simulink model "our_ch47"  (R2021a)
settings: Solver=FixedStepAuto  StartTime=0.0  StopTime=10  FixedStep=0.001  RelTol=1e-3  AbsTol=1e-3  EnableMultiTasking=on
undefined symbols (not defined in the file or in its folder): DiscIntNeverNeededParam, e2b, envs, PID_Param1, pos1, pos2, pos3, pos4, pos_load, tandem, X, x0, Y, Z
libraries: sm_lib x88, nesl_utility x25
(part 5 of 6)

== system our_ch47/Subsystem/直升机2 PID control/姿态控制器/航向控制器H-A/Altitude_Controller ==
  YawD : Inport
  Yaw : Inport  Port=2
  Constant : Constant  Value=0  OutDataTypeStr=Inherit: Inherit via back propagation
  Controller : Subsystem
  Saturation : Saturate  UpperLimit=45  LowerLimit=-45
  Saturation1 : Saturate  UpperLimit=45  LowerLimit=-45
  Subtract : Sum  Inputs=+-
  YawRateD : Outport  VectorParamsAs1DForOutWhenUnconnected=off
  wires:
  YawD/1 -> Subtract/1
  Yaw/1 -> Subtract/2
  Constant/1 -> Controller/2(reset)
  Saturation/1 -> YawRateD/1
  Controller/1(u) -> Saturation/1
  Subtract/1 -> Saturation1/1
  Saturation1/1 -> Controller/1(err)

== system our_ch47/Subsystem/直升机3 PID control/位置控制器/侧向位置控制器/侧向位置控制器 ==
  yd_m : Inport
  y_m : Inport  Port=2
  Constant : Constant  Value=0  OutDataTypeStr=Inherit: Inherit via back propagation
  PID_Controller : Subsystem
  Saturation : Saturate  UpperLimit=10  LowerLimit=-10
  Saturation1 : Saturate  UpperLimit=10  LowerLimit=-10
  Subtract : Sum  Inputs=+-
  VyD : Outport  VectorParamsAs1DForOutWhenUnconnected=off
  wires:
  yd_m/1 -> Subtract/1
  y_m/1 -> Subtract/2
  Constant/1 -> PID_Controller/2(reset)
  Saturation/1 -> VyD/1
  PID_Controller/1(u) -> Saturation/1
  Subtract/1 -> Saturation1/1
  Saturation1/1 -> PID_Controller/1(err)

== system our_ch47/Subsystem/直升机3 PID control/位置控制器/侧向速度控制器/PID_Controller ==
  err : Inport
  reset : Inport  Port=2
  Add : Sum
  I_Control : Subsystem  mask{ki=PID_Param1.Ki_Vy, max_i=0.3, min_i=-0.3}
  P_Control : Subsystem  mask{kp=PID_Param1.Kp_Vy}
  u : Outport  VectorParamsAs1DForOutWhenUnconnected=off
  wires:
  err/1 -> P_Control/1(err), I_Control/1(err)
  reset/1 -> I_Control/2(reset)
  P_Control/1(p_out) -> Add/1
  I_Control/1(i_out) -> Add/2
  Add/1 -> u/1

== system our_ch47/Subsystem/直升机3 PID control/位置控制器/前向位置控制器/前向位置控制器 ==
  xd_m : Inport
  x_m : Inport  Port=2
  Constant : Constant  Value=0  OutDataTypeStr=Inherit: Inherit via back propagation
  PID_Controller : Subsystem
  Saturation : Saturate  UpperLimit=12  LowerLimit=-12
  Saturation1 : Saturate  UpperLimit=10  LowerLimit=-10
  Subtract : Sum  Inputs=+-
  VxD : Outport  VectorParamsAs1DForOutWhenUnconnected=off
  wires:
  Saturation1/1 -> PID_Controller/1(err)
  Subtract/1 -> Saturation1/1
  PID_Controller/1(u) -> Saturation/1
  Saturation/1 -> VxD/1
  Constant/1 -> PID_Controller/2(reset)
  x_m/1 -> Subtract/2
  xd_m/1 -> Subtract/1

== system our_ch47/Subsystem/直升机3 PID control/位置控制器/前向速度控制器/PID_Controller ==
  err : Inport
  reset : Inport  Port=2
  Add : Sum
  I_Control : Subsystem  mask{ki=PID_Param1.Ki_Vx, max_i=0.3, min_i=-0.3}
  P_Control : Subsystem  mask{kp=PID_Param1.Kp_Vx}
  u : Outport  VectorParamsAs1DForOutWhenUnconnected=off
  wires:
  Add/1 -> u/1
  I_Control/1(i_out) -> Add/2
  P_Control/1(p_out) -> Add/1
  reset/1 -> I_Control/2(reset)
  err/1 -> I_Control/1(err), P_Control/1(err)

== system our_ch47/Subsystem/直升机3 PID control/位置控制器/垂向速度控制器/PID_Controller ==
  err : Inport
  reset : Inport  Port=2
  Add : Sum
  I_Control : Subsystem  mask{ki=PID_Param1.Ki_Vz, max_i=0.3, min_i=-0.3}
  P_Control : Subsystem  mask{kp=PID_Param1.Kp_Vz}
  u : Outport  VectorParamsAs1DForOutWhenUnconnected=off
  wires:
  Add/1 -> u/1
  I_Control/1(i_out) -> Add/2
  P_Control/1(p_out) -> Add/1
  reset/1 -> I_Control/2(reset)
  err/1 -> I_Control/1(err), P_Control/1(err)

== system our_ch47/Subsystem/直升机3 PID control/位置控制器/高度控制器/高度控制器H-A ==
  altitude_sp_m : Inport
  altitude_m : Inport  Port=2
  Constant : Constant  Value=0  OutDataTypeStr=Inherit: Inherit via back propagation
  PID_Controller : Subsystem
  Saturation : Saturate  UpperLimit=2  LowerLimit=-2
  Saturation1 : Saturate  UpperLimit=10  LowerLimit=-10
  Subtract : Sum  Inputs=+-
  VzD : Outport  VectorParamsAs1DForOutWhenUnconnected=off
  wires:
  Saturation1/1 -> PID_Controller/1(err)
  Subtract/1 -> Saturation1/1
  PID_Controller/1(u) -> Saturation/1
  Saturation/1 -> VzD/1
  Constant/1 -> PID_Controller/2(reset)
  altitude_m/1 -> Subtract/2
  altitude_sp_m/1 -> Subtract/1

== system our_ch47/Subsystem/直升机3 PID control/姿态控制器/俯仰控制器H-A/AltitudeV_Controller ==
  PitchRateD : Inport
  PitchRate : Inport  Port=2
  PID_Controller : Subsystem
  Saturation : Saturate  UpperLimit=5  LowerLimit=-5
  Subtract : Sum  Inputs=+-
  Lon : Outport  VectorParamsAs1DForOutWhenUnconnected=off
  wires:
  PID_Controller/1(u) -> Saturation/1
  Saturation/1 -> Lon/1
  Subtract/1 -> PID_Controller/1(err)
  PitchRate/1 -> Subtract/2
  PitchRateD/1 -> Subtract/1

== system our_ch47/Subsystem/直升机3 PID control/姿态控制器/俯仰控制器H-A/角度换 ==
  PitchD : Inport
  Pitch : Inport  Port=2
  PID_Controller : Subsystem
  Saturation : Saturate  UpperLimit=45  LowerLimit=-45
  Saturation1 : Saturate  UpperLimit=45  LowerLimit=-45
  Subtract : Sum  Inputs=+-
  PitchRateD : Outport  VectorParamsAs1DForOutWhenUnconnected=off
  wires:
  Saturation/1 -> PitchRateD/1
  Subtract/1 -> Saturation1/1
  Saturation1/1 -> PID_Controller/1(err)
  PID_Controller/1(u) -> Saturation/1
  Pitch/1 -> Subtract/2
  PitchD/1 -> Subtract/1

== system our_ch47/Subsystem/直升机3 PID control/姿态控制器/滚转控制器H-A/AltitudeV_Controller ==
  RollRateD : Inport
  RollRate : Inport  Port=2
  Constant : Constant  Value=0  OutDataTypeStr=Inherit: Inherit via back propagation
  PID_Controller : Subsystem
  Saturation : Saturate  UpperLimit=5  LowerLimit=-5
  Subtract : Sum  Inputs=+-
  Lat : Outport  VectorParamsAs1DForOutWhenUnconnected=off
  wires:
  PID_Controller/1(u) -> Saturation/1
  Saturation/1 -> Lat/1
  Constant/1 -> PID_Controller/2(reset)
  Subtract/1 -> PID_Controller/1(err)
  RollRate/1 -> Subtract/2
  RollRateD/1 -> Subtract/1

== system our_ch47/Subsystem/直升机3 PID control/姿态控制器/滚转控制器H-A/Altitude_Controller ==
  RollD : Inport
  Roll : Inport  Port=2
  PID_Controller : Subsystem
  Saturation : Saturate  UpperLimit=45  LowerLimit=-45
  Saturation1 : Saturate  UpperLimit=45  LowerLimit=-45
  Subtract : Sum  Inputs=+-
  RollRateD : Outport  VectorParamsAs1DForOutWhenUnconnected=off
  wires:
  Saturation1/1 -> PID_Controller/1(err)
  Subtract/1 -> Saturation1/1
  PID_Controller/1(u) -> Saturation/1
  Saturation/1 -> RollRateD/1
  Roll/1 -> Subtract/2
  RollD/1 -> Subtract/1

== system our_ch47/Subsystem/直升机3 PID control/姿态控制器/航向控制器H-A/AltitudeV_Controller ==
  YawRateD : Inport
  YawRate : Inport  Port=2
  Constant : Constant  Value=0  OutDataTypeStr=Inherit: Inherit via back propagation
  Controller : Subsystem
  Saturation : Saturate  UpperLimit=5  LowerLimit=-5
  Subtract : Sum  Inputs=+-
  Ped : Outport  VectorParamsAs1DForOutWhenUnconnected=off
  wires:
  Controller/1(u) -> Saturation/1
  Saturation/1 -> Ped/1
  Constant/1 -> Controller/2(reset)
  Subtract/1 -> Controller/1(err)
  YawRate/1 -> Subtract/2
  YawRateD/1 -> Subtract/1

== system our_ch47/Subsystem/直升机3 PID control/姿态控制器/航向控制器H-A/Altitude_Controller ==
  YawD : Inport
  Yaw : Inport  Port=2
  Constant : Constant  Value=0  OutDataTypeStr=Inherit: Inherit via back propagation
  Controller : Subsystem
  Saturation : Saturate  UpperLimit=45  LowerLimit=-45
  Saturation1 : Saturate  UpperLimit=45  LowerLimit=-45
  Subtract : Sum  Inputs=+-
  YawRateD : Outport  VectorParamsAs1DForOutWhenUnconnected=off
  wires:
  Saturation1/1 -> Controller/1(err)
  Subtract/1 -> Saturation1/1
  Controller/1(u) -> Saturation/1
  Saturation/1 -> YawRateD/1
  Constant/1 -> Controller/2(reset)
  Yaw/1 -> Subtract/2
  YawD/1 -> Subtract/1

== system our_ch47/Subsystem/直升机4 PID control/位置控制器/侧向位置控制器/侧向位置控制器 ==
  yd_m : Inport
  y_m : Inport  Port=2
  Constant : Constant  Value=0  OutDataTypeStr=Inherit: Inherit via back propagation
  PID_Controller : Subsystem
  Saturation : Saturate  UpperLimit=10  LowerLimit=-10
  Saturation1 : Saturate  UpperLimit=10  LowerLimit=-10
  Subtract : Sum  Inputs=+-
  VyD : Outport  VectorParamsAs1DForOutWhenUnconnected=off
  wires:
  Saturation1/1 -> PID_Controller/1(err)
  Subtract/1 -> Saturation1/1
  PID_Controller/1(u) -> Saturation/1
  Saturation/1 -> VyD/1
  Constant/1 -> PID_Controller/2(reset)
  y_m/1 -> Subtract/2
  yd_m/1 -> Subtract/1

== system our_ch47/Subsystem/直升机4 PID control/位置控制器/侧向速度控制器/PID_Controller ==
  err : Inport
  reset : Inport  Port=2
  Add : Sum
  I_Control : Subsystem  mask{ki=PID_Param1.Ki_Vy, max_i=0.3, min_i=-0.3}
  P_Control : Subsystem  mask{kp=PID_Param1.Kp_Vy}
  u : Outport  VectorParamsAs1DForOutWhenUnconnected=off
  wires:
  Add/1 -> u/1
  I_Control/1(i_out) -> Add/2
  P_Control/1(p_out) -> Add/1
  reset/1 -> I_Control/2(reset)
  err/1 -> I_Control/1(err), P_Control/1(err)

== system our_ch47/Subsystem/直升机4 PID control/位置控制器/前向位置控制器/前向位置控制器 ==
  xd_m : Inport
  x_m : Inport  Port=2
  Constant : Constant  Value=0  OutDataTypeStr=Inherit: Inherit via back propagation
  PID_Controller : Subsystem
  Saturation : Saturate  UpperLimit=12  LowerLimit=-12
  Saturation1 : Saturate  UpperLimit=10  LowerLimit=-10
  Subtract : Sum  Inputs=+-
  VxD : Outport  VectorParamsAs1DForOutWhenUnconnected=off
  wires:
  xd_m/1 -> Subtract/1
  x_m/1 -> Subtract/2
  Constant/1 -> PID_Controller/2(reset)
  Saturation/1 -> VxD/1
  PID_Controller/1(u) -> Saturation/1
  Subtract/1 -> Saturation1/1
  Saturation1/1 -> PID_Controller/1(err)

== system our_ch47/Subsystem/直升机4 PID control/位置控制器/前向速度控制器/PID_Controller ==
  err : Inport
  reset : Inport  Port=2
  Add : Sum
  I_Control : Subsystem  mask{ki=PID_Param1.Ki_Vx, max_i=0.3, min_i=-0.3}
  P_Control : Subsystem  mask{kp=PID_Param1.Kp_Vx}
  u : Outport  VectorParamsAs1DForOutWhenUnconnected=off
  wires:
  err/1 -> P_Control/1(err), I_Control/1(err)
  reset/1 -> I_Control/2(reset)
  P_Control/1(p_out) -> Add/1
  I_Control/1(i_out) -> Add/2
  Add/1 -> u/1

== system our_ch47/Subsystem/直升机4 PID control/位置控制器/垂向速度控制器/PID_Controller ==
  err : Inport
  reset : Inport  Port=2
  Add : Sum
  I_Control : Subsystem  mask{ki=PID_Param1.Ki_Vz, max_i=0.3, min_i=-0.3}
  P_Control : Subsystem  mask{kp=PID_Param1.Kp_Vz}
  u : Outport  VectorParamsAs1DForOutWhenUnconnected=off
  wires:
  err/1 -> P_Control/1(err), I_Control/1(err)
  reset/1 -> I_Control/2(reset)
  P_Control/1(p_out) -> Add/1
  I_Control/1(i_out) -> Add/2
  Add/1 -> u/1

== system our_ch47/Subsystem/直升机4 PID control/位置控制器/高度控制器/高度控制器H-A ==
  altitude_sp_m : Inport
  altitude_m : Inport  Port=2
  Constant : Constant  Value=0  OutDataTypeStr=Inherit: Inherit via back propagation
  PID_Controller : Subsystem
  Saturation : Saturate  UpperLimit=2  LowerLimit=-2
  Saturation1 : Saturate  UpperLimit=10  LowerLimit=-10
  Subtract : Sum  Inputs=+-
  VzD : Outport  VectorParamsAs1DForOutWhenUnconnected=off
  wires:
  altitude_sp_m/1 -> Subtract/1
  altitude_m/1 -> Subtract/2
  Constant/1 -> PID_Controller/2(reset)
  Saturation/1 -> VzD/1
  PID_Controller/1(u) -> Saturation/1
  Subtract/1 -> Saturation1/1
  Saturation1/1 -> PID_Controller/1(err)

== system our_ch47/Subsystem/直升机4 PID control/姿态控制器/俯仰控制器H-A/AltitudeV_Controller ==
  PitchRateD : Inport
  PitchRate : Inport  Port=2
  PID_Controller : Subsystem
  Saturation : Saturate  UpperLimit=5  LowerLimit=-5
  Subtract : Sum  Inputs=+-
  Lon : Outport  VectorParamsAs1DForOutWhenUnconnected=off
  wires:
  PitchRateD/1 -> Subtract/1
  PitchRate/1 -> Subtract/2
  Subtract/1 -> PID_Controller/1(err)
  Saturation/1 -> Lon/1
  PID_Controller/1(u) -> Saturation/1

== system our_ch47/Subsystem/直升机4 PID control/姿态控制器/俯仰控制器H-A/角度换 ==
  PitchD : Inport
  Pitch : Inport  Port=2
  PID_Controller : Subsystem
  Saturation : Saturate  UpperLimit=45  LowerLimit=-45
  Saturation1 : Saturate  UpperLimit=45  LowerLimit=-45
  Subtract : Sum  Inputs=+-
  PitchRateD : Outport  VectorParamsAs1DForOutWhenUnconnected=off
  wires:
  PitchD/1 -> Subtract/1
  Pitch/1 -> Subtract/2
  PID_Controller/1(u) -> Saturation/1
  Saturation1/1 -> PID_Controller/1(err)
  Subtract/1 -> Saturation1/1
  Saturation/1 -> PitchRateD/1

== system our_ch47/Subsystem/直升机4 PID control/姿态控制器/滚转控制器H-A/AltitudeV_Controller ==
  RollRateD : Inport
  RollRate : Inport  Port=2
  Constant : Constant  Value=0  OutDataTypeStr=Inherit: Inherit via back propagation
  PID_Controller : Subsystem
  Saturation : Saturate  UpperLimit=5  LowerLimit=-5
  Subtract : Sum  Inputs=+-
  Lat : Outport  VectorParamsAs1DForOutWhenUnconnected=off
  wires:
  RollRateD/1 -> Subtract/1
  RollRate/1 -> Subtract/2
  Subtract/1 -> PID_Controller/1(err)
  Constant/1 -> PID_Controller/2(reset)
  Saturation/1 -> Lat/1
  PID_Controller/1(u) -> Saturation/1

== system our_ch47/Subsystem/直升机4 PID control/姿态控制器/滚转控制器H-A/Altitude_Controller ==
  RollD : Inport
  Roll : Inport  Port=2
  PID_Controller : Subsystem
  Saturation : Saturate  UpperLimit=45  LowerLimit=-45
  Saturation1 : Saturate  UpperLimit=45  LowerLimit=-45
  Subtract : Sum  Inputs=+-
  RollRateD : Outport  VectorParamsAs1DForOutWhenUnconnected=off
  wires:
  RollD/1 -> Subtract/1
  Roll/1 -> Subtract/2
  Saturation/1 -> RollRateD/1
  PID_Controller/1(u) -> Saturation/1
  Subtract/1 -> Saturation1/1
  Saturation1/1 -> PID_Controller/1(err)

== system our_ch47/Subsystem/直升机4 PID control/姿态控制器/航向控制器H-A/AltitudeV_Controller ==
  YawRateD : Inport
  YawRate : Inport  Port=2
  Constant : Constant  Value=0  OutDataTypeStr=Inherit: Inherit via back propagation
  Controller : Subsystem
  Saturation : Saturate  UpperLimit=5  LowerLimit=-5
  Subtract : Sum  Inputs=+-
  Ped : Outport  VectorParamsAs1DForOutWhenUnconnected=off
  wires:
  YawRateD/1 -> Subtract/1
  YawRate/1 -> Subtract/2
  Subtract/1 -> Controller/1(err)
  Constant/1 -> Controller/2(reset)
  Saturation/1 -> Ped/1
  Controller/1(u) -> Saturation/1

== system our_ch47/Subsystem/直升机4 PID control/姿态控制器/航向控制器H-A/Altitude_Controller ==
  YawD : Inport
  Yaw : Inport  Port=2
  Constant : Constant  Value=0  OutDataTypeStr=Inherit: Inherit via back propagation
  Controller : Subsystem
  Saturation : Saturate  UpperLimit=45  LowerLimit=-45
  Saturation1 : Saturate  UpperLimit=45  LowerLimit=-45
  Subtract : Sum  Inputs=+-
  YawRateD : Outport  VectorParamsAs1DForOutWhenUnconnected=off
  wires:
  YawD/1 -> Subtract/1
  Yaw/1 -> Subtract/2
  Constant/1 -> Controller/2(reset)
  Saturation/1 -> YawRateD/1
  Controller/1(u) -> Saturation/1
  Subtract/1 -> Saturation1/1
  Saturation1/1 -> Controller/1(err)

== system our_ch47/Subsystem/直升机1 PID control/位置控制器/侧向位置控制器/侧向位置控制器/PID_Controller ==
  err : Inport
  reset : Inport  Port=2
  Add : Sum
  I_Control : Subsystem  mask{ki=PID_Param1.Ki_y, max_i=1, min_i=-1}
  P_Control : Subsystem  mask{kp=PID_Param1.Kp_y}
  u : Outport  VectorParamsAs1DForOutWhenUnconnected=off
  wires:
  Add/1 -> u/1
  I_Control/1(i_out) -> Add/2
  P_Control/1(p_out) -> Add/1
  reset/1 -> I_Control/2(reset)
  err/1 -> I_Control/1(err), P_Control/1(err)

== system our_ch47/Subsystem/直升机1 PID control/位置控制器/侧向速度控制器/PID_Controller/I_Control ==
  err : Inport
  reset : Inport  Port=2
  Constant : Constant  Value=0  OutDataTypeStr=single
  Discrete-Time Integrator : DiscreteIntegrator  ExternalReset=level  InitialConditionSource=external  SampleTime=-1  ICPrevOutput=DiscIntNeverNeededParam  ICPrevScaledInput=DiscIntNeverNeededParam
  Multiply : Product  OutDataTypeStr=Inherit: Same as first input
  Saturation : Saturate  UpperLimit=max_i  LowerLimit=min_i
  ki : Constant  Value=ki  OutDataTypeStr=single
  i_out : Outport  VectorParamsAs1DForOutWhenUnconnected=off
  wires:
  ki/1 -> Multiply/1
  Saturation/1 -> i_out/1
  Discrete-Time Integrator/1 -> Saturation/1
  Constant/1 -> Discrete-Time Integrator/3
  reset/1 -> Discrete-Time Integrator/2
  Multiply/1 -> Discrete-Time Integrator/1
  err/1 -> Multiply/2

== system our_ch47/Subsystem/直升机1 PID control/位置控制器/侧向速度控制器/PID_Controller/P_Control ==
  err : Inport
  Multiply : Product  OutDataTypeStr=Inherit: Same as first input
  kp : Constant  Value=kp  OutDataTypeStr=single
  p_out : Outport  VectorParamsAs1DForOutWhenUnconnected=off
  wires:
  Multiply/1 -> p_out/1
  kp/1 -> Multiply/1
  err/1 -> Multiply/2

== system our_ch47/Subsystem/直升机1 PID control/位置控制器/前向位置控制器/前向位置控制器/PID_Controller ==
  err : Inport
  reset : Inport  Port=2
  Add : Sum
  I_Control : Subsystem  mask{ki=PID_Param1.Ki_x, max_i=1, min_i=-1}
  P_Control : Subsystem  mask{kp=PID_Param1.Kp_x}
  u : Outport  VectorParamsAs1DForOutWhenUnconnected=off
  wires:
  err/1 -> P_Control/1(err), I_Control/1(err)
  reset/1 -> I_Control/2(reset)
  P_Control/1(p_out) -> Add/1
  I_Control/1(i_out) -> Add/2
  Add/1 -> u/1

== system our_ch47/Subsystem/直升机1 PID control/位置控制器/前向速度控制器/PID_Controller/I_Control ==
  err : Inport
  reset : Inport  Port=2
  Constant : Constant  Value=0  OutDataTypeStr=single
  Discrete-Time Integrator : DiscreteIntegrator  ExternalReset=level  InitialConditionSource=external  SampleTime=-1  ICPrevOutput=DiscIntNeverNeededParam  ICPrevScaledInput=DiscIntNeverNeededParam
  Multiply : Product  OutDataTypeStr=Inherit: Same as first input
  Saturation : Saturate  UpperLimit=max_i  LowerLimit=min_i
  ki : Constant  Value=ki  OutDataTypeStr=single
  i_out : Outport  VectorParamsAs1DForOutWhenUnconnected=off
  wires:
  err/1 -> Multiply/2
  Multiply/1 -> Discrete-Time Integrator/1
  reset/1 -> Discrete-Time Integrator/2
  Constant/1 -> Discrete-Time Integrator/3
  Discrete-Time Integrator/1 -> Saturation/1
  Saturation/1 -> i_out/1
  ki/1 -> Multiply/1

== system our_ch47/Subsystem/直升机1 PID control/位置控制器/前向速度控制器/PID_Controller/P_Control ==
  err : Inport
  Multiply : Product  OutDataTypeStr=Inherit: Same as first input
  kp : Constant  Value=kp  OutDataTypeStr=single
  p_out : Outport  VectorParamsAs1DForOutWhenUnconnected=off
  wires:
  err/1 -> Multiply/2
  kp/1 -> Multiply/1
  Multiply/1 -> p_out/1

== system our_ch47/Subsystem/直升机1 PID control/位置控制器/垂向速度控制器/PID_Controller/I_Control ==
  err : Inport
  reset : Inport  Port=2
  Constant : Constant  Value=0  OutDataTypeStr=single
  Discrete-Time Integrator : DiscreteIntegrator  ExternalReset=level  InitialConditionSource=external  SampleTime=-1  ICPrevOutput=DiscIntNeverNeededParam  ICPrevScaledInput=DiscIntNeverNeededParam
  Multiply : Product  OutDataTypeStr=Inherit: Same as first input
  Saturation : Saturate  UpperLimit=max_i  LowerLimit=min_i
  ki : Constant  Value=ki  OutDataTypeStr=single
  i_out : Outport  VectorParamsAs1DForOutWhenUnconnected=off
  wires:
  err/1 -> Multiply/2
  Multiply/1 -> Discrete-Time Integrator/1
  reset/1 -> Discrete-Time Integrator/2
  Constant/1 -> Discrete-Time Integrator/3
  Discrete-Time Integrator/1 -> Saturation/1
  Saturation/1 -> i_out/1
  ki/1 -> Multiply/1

▸ What is expected:
The answer must be every line from the records above that contains "侧向速度控制器".

▸ Answer space:
== system our_ch47/Subsystem/直升机3 PID control/位置控制器/侧向速度控制器/PID_Controller ==
== system our_ch47/Subsystem/直升机4 PID control/位置控制器/侧向速度控制器/PID_Controller ==
== system our_ch47/Subsystem/直升机1 PID control/位置控制器/侧向速度控制器/PID_Controller/I_Control ==
== system our_ch47/Subsystem/直升机1 PID control/位置控制器/侧向速度控制器/PID_Controller/P_Control ==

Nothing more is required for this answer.